**WHAT NEEDS TO BE DONE**:
Which lines hold the string "Mode"? Copy each of them from the material below.

**EXTRACTED INFORMATION**:
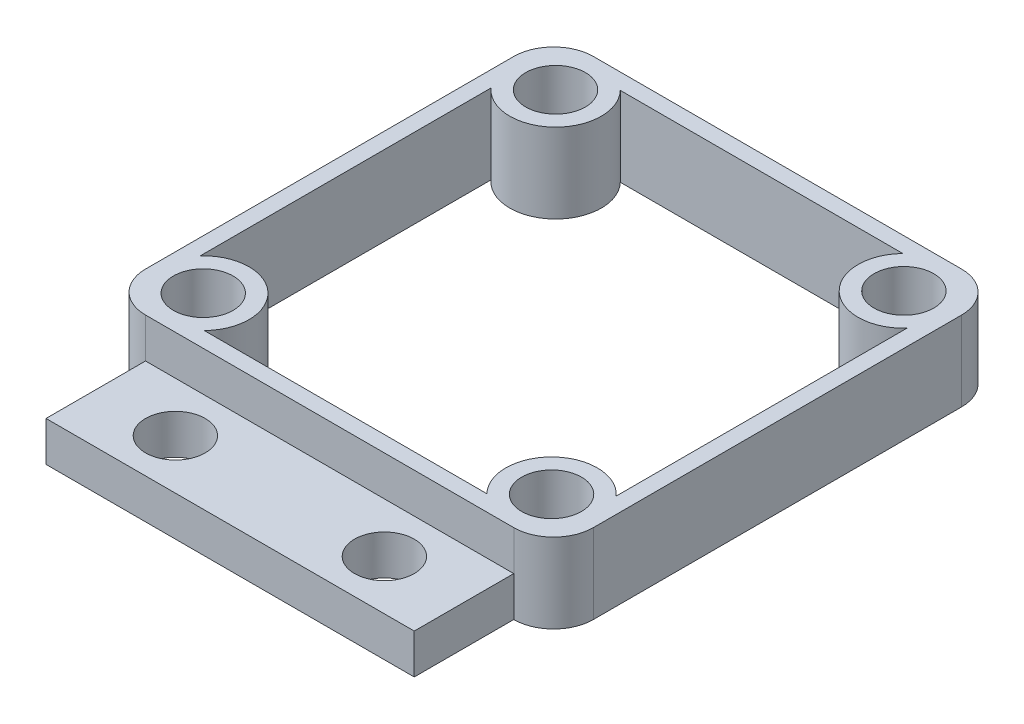
from build123d import *

# Parameters (mm, degrees)
SKETCH1_R           = 1.5
BOSS_EXTRUDE1_DEPTH = 4
SKETCH2_W           = 18.5
SKETCH2_H           = 2
BOSS_EXTRUDE2_DEPTH = 5
SKETCH3_R           = 1.5
CUT_EXTRUDE1_DEPTH  = 5


with BuildPart() as part:
    # Sketch1 → Boss-Extrude1 (new body)
    with BuildSketch(Plane(origin=(0, 0, 0), x_dir=(1, 0, 0), z_dir=(0, 1, 0))):
        with BuildLine():
            Line((-9.25, 11.25), (9.25, 11.25))
            ThreePointArc((9.25, 11.25), (10.664213562, 10.664213562), (11.25, 9.25))
            Line((11.25, 9.25), (11.25, -9.25))
            ThreePointArc((11.25, -9.25), (10.664213562, -10.664213562), (9.25, -11.25))
            Line((9.25, -11.25), (-9.25, -11.25))
            ThreePointArc((-9.25, -11.25), (-10.664213562, -10.664213562), (-11.25, -9.25))
            Line((-11.25, -9.25), (-11.25, 9.25))
            ThreePointArc((-11.25, 9.25), (-10.664213562, 10.664213562), (-9.25, 11.25))
        make_face()
        with Locations(Location((8.75, 8.85, 0), (0, 0, 270))):
            Circle(SKETCH1_R, mode=Mode.SUBTRACT)
        with Locations(Location((8.75, -8.85, 0), (0, 0, 90))):
            Circle(SKETCH1_R, mode=Mode.SUBTRACT)
        with Locations(Location((-8.75, 8.85, 0), (0, 0, 90))):
            Circle(SKETCH1_R, mode=Mode.SUBTRACT)
        with Locations(Location((-8.75, -8.85, 0), (0, 0, 270))):
            Circle(SKETCH1_R, mode=Mode.SUBTRACT)
        with BuildLine():
            Line((-7.097728836, 10.45), (7.097728836, 10.45))
            ThreePointArc((7.097728836, 10.45), (7.175222498, 7.173671924), (10.45, 7.300806662))
            Line((10.45, 7.300806662), (10.45, -7.300806662))
            ThreePointArc((10.45, -7.300806662), (7.175222498, -7.173671924), (7.097728836, -10.45))
            Line((7.097728836, -10.45), (-7.097728836, -10.45))
            ThreePointArc((-7.097728836, -10.45), (-7.175222498, -7.173671924), (-10.45, -7.300806662))
            Line((-10.45, -7.300806662), (-10.45, 7.300806662))
            ThreePointArc((-10.45, 7.300806662), (-7.175222498, 7.173671924), (-7.097728836, 10.45))
        make_face(mode=Mode.SUBTRACT)
    extrude(amount=BOSS_EXTRUDE1_DEPTH)

    # Sketch2 → Boss-Extrude2 (add)
    with BuildSketch(Plane.XY.offset(11.25)):
        with Locations((0, 1)):
            Rectangle(SKETCH2_W, SKETCH2_H)
    extrude(amount=BOSS_EXTRUDE2_DEPTH)

    # Sketch3 → Cut-Extrude1 (cut)
    with BuildSketch(Plane(origin=(0, 2, 0), x_dir=(1, 0, 0), z_dir=(0, 1, 0))):
        with Locations(Location((5.25, -13.75, 0), (0, 0, 270))):
            Circle(SKETCH3_R)
        with Locations(Location((-5.25, -13.75, 0), (0, 0, 90))):
            Circle(SKETCH3_R)
    extrude(amount=-CUT_EXTRUDE1_DEPTH, mode=Mode.SUBTRACT)


solid = part.part
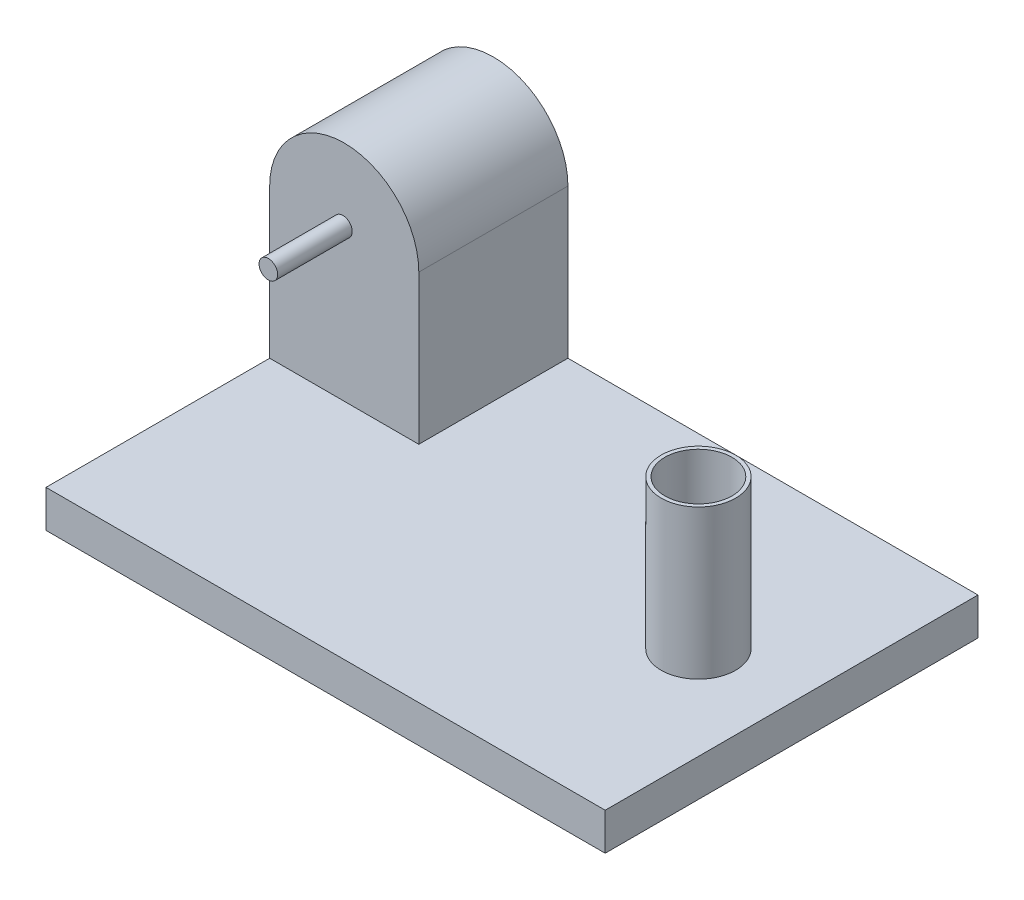
from build123d import *

# Parameters (mm, degrees)
SKETCH1_W           = 150
SKETCH1_H           = 100
BOSS_EXTRUDE1_DEPTH = 10
SKETCH2_R           = 10
BOSS_EXTRUDE2_DEPTH = 40
SKETCH3_R           = 9
CUT_EXTRUDE2_DEPTH  = 40
SKETCH4_W           = 40
SKETCH4_H           = 40
BOSS_EXTRUDE3_DEPTH = 60
CUT_EXTRUDE3_DEPTH  = 50
CUT_EXTRUDE4_DEPTH  = 50
SKETCH8_R           = 2.5
BOSS_EXTRUDE5_DEPTH = 20


with BuildPart() as part:
    # Sketch1 → Boss-Extrude1 (new body)
    with BuildSketch(Plane(origin=(0, 0, 0), x_dir=(1, 0, 0), z_dir=(0, 1, 0))):
        Rectangle(SKETCH1_W, SKETCH1_H)
    extrude(amount=BOSS_EXTRUDE1_DEPTH)

    # Sketch2 → Boss-Extrude2 (add)
    with BuildSketch(Plane(origin=(0, 10, 0), x_dir=(1, 0, 0), z_dir=(0, 1, 0))):
        with Locations(Location((50, 0, 0), (0, 0, 90))):
            Circle(SKETCH2_R)
    extrude(amount=BOSS_EXTRUDE2_DEPTH)

    # Sketch3 → Cut-Extrude2 (cut)
    with BuildSketch(Plane(origin=(0, 50, 0), x_dir=(1, 0, 0), z_dir=(0, 1, 0))):
        with Locations(Location((50, 0, 0), (0, 0, 270))):
            Circle(SKETCH3_R)
    extrude(amount=-CUT_EXTRUDE2_DEPTH, mode=Mode.SUBTRACT)

    # Sketch4 → Boss-Extrude3 (add)
    with BuildSketch(Plane(origin=(0, 10, 0), x_dir=(1, 0, 0), z_dir=(0, 1, 0))):
        with Locations((-55, 30)):
            Rectangle(SKETCH4_W, SKETCH4_H)
    extrude(amount=BOSS_EXTRUDE3_DEPTH)

    # Sketch6 → Cut-Extrude3 (cut)
    with BuildSketch(Plane.XY.offset(-10)):
        with BuildLine():
            Line((-75, 50), (-75, 70))
            Line((-75, 70), (-55, 70))
            ThreePointArc((-55, 70), (-69.142135624, 64.142135624), (-75, 50))
        make_face()
    extrude(amount=-CUT_EXTRUDE3_DEPTH, mode=Mode.SUBTRACT)

    # Sketch7 → Cut-Extrude4 (cut)
    with BuildSketch(Plane.XY.offset(-10)):
        with BuildLine():
            Line((-55, 70), (-35, 70))
            Line((-35, 70), (-35, 50))
            ThreePointArc((-35, 50), (-40.857864376, 64.142135624), (-55, 70))
        make_face()
    extrude(amount=-CUT_EXTRUDE4_DEPTH, mode=Mode.SUBTRACT)

    # Sketch8 → Boss-Extrude5 (add)
    with BuildSketch(Plane.XY.offset(-10)):
        with Locations(Location((-55.353289102, 50.491778343, 0), (0, 0, 180))):
            Circle(SKETCH8_R)
    extrude(amount=BOSS_EXTRUDE5_DEPTH)


solid = part.part
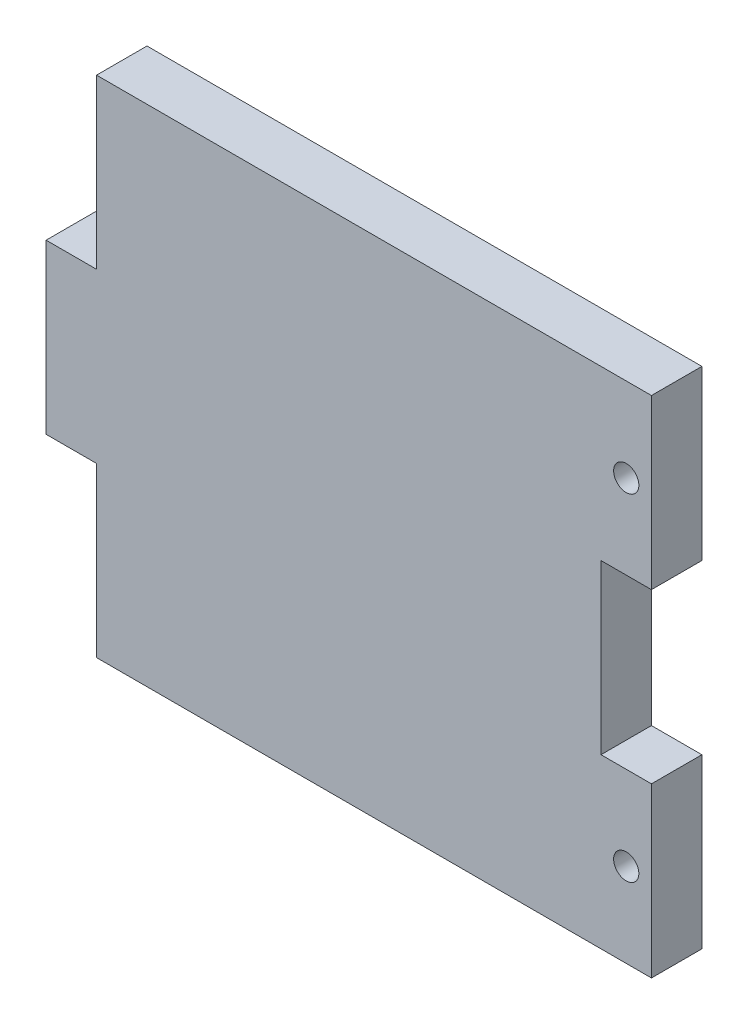
from build123d import *

# Parameters (mm, degrees)
BOSS_EXTRU_1_DEPTH      = 6
ESQUISSE2_R             = 1.5
ENL_V_MAT_EXTRU_1_DEPTH = 94.914855055


with BuildPart() as part:
    # Esquisse1 → Boss.-Extru.1 (new body)
    with BuildSketch(Plane.XY):
        Polygon((0, 0), (-66, 0), (-66, 20), (-72, 20), (-72, 40), (-66, 40), (-66, 60), (0, 60), (0, 40), (-6, 40), (-6, 20), (0, 20), align=None)
    extrude(amount=BOSS_EXTRU_1_DEPTH)

    # Esquisse2 → Enlèv. mat.-Extru.1 (cut, through all)
    with BuildSketch(Plane(origin=(0, 0, 0), x_dir=(-1, 0, 0), z_dir=(0, 0, -1))):
        with Locations(Location((3, 50, 0), (0, 0, 180))):
            Circle(ESQUISSE2_R)
        with Locations((3, 10)):
            Circle(ESQUISSE2_R)
    extrude(amount=-ENL_V_MAT_EXTRU_1_DEPTH, mode=Mode.SUBTRACT)


solid = part.part

**SOLUTION BELOW**:
            Circle(SKETCH1_R, mode=Mode.SUBTRACT)
            Circle(SKETCH1_R, mode=Mode.SUBTRACT)
            Circle(SKETCH1_R, mode=Mode.SUBTRACT)
            Circle(SKETCH1_R, mode=Mode.SUBTRACT)
        make_face(mode=Mode.SUBTRACT)
    extrude(amount=-CUT_EXTRUDE1_DEPTH, mode=Mode.SUBTRACT)
    extrude(amount=-CUT_EXTRUDE2_DEPTH, mode=Mode.SUBTRACT)
    extrude(amount=-CUT_EXTRUDE3_DEPTH, mode=Mode.SUBTRACT)
    extrude(amount=-CUT_EXTRUDE4_DEPTH, mode=Mode.SUBTRACT)
    extrude(amount=-ENL_V_MAT_EXTRU_1_DEPTH, mode=Mode.SUBTRACT)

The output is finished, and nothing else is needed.